▶ WHAT THE EXERCISE ASKS
The answer should hold exactly the lines of the entries below from the one containing "import ezdxf" through the last line, both included.

------ DATA FOR ANALYSIS

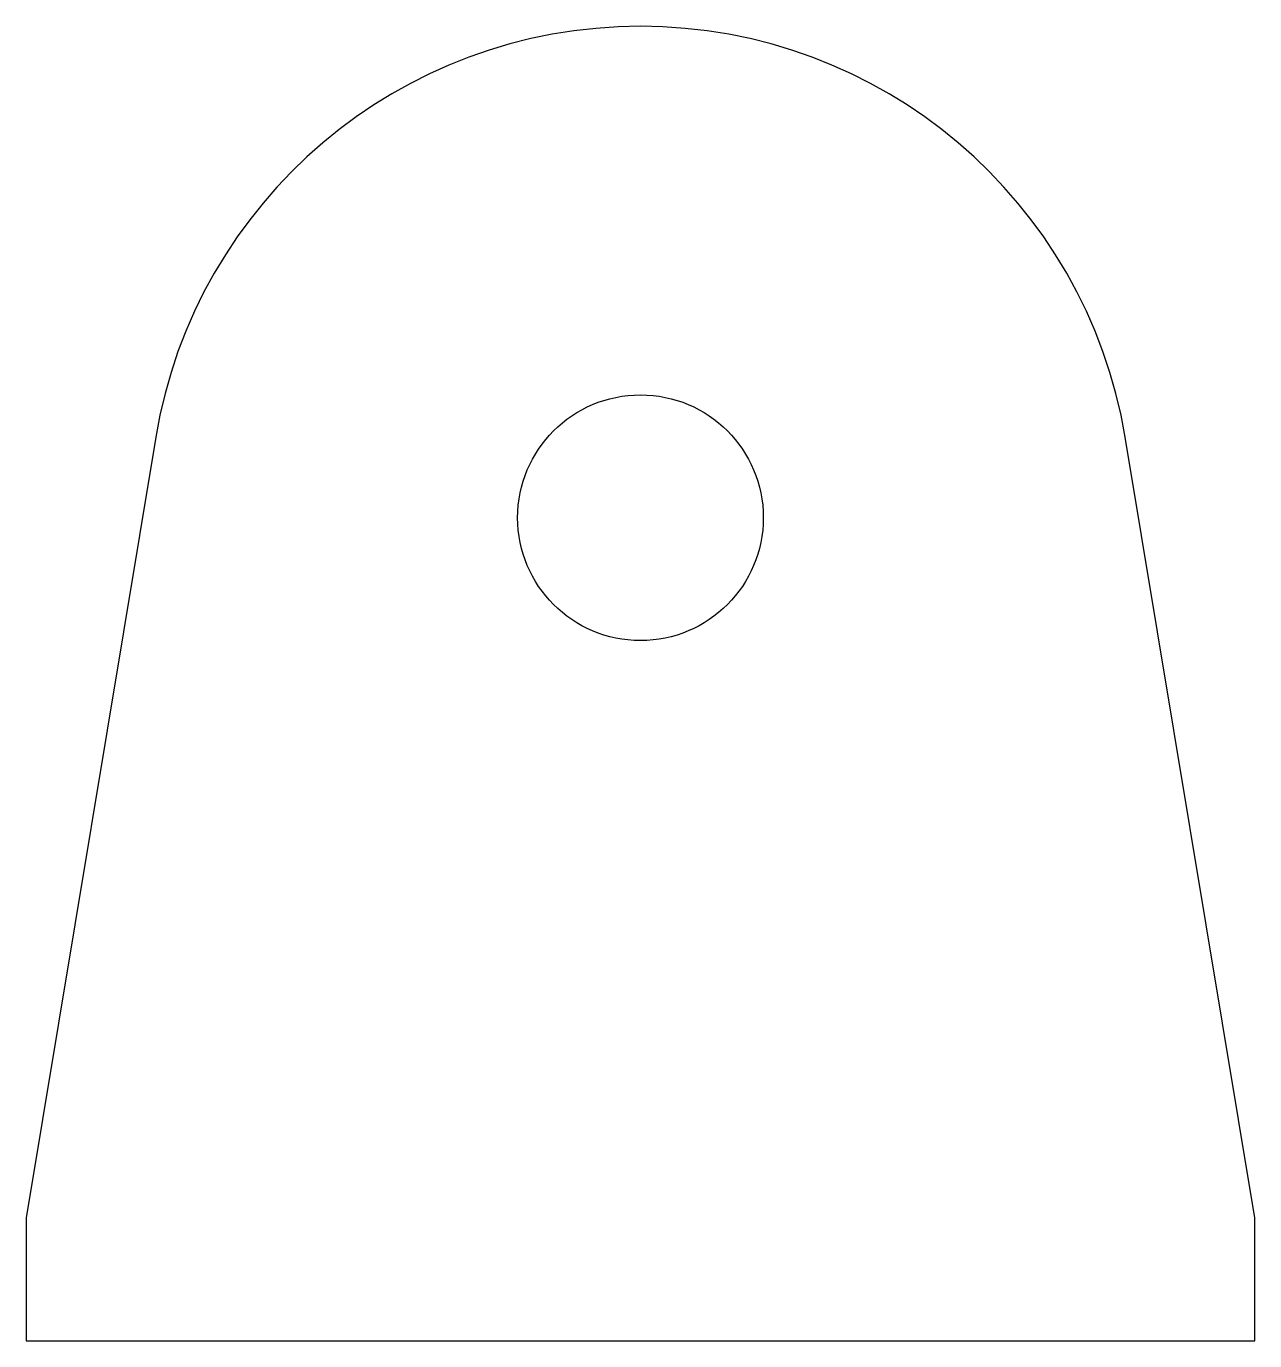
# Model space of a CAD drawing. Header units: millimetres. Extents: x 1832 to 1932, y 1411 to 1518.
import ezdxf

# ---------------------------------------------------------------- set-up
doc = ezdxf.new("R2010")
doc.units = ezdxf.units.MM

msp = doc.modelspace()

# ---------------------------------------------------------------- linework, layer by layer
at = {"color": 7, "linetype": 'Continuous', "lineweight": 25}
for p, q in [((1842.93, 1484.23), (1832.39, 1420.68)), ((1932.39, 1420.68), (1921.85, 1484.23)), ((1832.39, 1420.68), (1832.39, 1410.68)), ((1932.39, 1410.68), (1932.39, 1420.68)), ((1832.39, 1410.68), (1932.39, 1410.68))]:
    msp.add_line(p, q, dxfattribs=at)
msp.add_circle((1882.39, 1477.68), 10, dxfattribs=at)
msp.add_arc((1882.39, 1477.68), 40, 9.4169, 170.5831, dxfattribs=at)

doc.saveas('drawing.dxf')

------------

▶ TASK RESPONSE
import ezdxf

# ---------------------------------------------------------------- set-up
doc = ezdxf.new("R2010")
doc.units = ezdxf.units.MM

msp = doc.modelspace()

# ---------------------------------------------------------------- linework, layer by layer
at = {"color": 7, "linetype": 'Continuous', "lineweight": 25}
for p, q in [((1842.93, 1484.23), (1832.39, 1420.68)), ((1932.39, 1420.68), (1921.85, 1484.23)), ((1832.39, 1420.68), (1832.39, 1410.68)), ((1932.39, 1410.68), (1932.39, 1420.68)), ((1832.39, 1410.68), (1932.39, 1410.68))]:
    msp.add_line(p, q, dxfattribs=at)
msp.add_circle((1882.39, 1477.68), 10, dxfattribs=at)
msp.add_arc((1882.39, 1477.68), 40, 9.4169, 170.5831, dxfattribs=at)

doc.saveas('drawing.dxf')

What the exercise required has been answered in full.